> [PROBLEM TO WORK ON]: From the records below, copy each line that has the word "text" in it.

[Stored data entries]
━━━━━━━━━━

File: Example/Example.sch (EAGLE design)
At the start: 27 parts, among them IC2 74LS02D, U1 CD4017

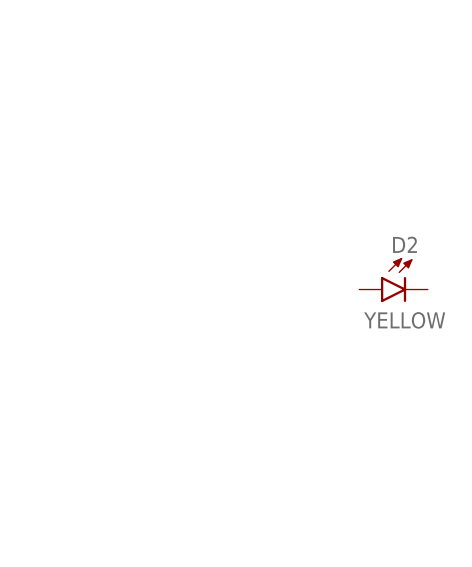
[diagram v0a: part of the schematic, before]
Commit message: placed items on board
i placed everything on the board except for battery holders
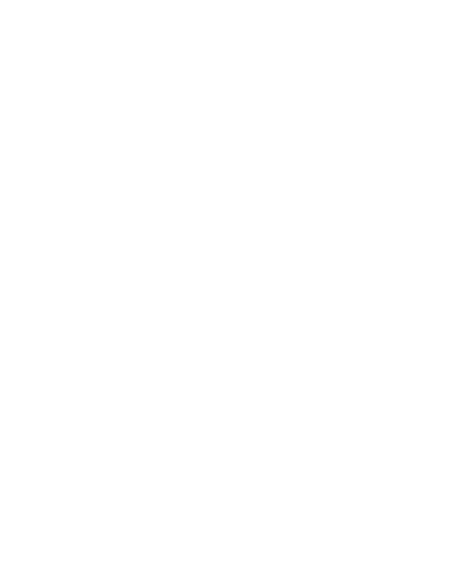
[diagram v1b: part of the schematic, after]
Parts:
- removed D2: YELLOW, RoboJackets-LEDs:LED-SMD-YELLOW
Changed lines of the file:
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@@
 <part name="S1" library="adafruit" library_urn="urn:adsk.eagle:library:420" deviceset="40-XX" device="-ROUND" package3d_urn="urn:adsk.eagle:package:6240926/1"/>
 <part name="U$1" library="adafruit" library_urn="urn:adsk.eagle:library:420" deviceset="CR1220" device="SMT" package3d_urn="urn:adsk.eagle:package:6240665/1"/>
-<part name="D2" library="RoboJackets-LEDs" deviceset="LED-SMD" device="" technology="-YELLOW" value="YELLOW"/>
 <part name="D3" library="RoboJackets-LEDs" deviceset="LED-SMD" device="" technology="-YELLOW" value="YELLOW"/>
 <part name="R1" library="rcl" library_urn="urn:adsk.eagle:library:334" deviceset="R-US_" device="R0603" package3d_urn="urn:adsk.eagle:package:23555/3"/>
@@
 <attribute name="VALUE" x="29.21" y="99.06" size="1.778" layer="96"/>
 </instance>
-<instance part="D2" gate="A" x="243.84" y="119.38" smashed="yes">
-<attribute name="NAME" x="243.84" y="123.444" size="1.778" layer="95" rot="MR0" align="bottom-center"/>
-<attribute name="VALUE" x="243.84" y="116.84" size="1.778" layer="96" rot="MR0" align="top-center"/>
-</instance>
 <instance part="D3" gate="A" x="162.56" y="99.06" smashed="yes">

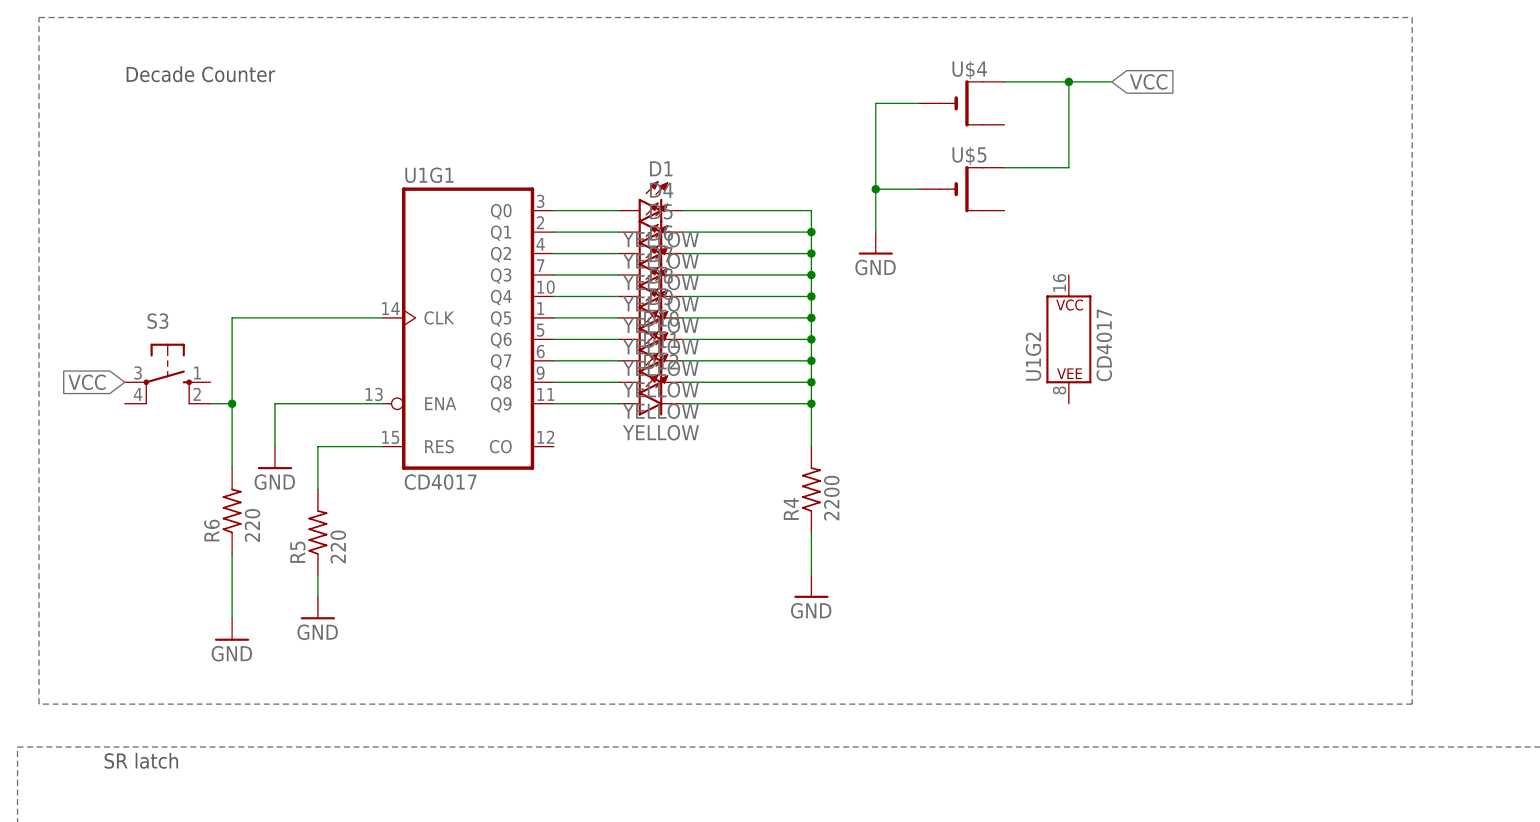
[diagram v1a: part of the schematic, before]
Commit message: Added LEDs, made one Vcc, and updated board
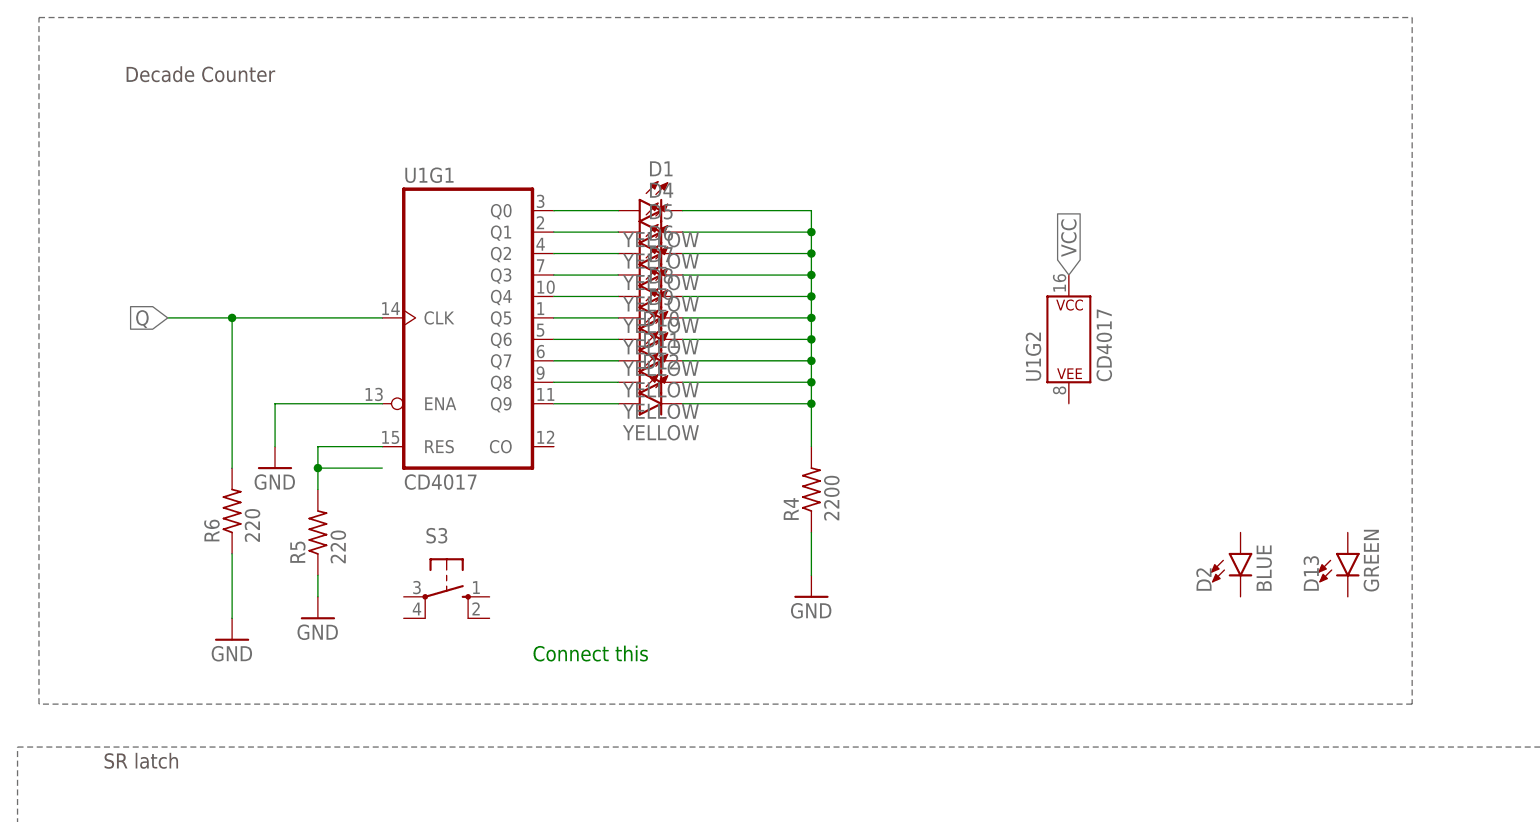
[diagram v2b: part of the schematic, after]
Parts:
- removed U$4, U$5: (no value), adafruit:CR1220SMT
- added D13: GREEN, RoboJackets-LEDs:LED-GREEN0603
- added D2: BLUE, RoboJackets-LEDs:LED-BLUE0603
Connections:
- removed net N$1: R6.2, S3.S1, U1G1.CLK
- net GND: no longer U$4.-, U$5.-
- net Q: now also R6.2, U1G1.CLK
- net VCC: no longer U$4.+, U$5.+
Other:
- note added: "Connect this"
- moved on the sheet: S3
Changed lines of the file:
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@@
 <part name="R6" library="rcl" library_urn="urn:adsk.eagle:library:334" deviceset="R-US_" device="R0603" package3d_urn="urn:adsk.eagle:package:23555/3" value="220"/>
 <part name="SUPPLY1" library="RoboJackets-Supplies" deviceset="GND" device=""/>
-<part name="U$4" library="adafruit" library_urn="urn:adsk.eagle:library:420" deviceset="CR1220" device="SMT" package3d_urn="urn:adsk.eagle:package:6240665/1"/>
-<part name="U$5" library="adafruit" library_urn="urn:adsk.eagle:library:420" deviceset="CR1220" device="SMT" package3d_urn="urn:adsk.eagle:package:6240665/1"/>
-<part name="SUPPLY2" library="RoboJackets-Supplies" deviceset="GND" device=""/>
 <part name="SUPPLY3" library="RoboJackets-Supplies" deviceset="GND" device=""/>
+<part name="D2" library="RoboJackets-LEDs" deviceset="LED-BLUE" device="0603" value="BLUE"/>
+<part name="D13" library="RoboJackets-LEDs" deviceset="LED-GREEN" device="0603" value="GREEN"/>
 </parts>
 <sheets>
 <sheet>
-<description>555 Timer Motor Driver Circuit</description>
+<description>Decade Counter with SR Latch Game</description>
 <plain>
 <text x="17.78" y="119.38" size="1.778" layer="97">SR latch</text>
@@
 <wire x1="154.94" y1="2.54" x2="7.62" y2="2.54" width="0.1524" layer="95" style="shortdash"/>
 <wire x1="7.62" y1="2.54" x2="7.62" y2="121.92" width="0.1524" layer="95" style="shortdash"/>
+<text x="68.58" y="132.08" size="1.778" layer="91">Connect this</text>
 </plain>
 <instances>
@@
 <attribute name="VALUE" x="40.64" y="134.62" size="1.778" layer="96"/>
 </instance>
-<instance part="S3" gate="1" x="25.4" y="165.1" smashed="yes" rot="R270">
-<attribute name="NAME" x="22.86" y="171.45" size="1.778" layer="95"/>
-<attribute name="VALUE" x="28.575" y="168.91" size="1.778" layer="96"/>
+<instance part="S3" gate="1" x="58.42" y="139.7" smashed="yes" rot="R270">
+<attribute name="NAME" x="55.88" y="146.05" size="1.778" layer="95"/>
+<attribute name="VALUE" x="61.595" y="143.51" size="1.778" layer="96"/>
 </instance>
 <instance part="R6" gate="G$1" x="33.02" y="149.86" smashed="yes" rot="R90">
@@
 <attribute name="VALUE" x="30.48" y="132.08" size="1.778" layer="96"/>
 </instance>
-<instance part="U$4" gate="G$1" x="119.38" y="198.12" smashed="yes">
-<attribute name="NAME" x="118.11" y="201.295" size="1.778" layer="95"/>
-<attribute name="VALUE" x="118.11" y="193.04" size="1.778" layer="96"/>
-</instance>
-<instance part="U$5" gate="G$1" x="119.38" y="187.96" smashed="yes">
-<attribute name="NAME" x="118.11" y="191.135" size="1.778" layer="95"/>
-<attribute name="VALUE" x="118.11" y="182.88" size="1.778" layer="96"/>
-</instance>
-<instance part="SUPPLY2" gate="G$1" x="109.22" y="180.34" smashed="yes">
-<attribute name="VALUE" x="106.68" y="177.8" size="1.778" layer="96"/>
-</instance>
 <instance part="SUPPLY3" gate="G$1" x="38.1" y="154.94" smashed="yes">
 <attribute name="VALUE" x="35.56" y="152.4" size="1.778" layer="96"/>
+</instance>
+<instance part="D2" gate="G$1" x="152.4" y="144.78" smashed="yes">
+<attribute name="NAME" x="148.971" y="140.208" size="1.778" layer="95" font="vector" rot="R90"/>
+<attribute name="VALUE" x="154.305" y="140.208" size="1.778" layer="96" font="vector" rot="R90" align="top-left"/>
+</instance>
+<instance part="D13" gate="G$1" x="165.1" y="144.78" smashed="yes">
+<attribute name="NAME" x="161.671" y="140.208" size="1.778" layer="95" font="vector" rot="R90"/>
+<attribute name="VALUE" x="167.005" y="140.208" size="1.778" layer="96" font="vector" rot="R90" align="top-left"/>
 </instance>
 </instances>
@@
 </segment>
 <segment>
-<pinref part="U$4" gate="G$1" pin="-"/>
-<wire x1="114.3" y1="198.12" x2="109.22" y2="198.12" width="0.1524" layer="91"/>
-<wire x1="109.22" y1="198.12" x2="109.22" y2="187.96" width="0.1524" layer="91"/>
-<pinref part="U$5" gate="G$1" pin="-"/>
-<wire x1="109.22" y1="187.96" x2="109.22" y2="182.88" width="0.1524" layer="91"/>
-<wire x1="114.3" y1="187.96" x2="109.22" y2="187.96" width="0.1524" layer="91"/>
-<junction x="109.22" y="187.96"/>
-<pinref part="SUPPLY2" gate="G$1" pin="GND"/>
-</segment>
-<segment>
 <pinref part="U1" gate="G1" pin="ENA"/>
 <wire x1="50.8" y1="162.56" x2="38.1" y2="162.56" width="0.1524" layer="91"/>
@@
 <segment>
 <label x="152.4" y="99.06" size="1.778" layer="95" rot="R180" xref="yes"/>
+</segment>
+<segment>
+<pinref part="R6" gate="G$1" pin="2"/>
+<wire x1="33.02" y1="154.94" x2="33.02" y2="172.72" width="0.1524" layer="91"/>
+<pinref part="U1" gate="G1" pin="CLK"/>
+<wire x1="50.8" y1="172.72" x2="33.02" y2="172.72" width="0.1524" layer="91"/>
+<wire x1="33.02" y1="172.72" x2="25.4" y2="172.72" width="0.1524" layer="91"/>
+<junction x="33.02" y="172.72"/>
+<label x="25.4" y="172.72" size="1.778" layer="95" rot="R180" xref="yes"/>
 </segment>
 </net>
@@
 </segment>
 <segment>
-<pinref part="U$4" gate="G$1" pin="+"/>
-<wire x1="124.46" y1="200.66" x2="132.08" y2="200.66" width="0.1524" layer="91"/>
-<pinref part="U$5" gate="G$1" pin="+"/>
-<wire x1="132.08" y1="200.66" x2="137.16" y2="200.66" width="0.1524" layer="91"/>
-<wire x1="124.46" y1="190.5" x2="132.08" y2="190.5" width="0.1524" layer="91"/>
-<wire x1="132.08" y1="190.5" x2="132.08" y2="200.66" width="0.1524" layer="91"/>
-<junction x="132.08" y="200.66"/>
-<label x="137.16" y="200.66" size="1.778" layer="95" xref="yes"/>
-</segment>
-<segment>
-<label x="20.32" y="165.1" size="1.778" layer="95" rot="R180" xref="yes"/>
+<label x="132.08" y="177.8" size="1.778" layer="95" rot="R90" xref="yes"/>
 </segment>
 </net>
@@
 <pinref part="U1" gate="G1" pin="RES"/>
 <wire x1="50.8" y1="157.48" x2="43.18" y2="157.48" width="0.1524" layer="91"/>
-<wire x1="43.18" y1="157.48" x2="43.18" y2="152.4" width="0.1524" layer="91"/>
+<wire x1="43.18" y1="157.48" x2="43.18" y2="154.94" width="0.1524" layer="91"/>
 <pinref part="R5" gate="G$1" pin="2"/>
-</segment>
-</net>
-<net name="N$1" class="0">
-<segment>
-<pinref part="S3" gate="1" pin="S1"/>
-<wire x1="30.48" y1="162.56" x2="33.02" y2="162.56" width="0.1524" layer="91"/>
-<pinref part="R6" gate="G$1" pin="2"/>
-<wire x1="33.02" y1="154.94" x2="33.02" y2="162.56" width="0.1524" layer="91"/>
-<wire x1="33.02" y1="162.56" x2="33.02" y2="172.72" width="0.1524" layer="91"/>
-<junction x="33.02" y="162.56"/>
-<pinref part="U1" gate="G1" pin="CLK"/>
-<wire x1="50.8" y1="172.72" x2="33.02" y2="172.72" width="0.1524" layer="91"/>
-</segment>
-</net>
+<wire x1="43.18" y1="154.94" x2="43.18" y2="152.4" width="0.1524" layer="91"/>
+<wire x1="50.8" y1="154.94" x2="43.18" y2="154.94" width="0.1524" layer="91"/>
+<junction x="43.18" y="154.94"/>
+</segment>
+</net>

━━━━━━━━━━

> [RESULT OF THE EXERCISE]:
 <text x="17.78" y="119.38" size="1.778" layer="97">SR latch</text>
+<text x="68.58" y="132.08" size="1.778" layer="91">Connect this</text>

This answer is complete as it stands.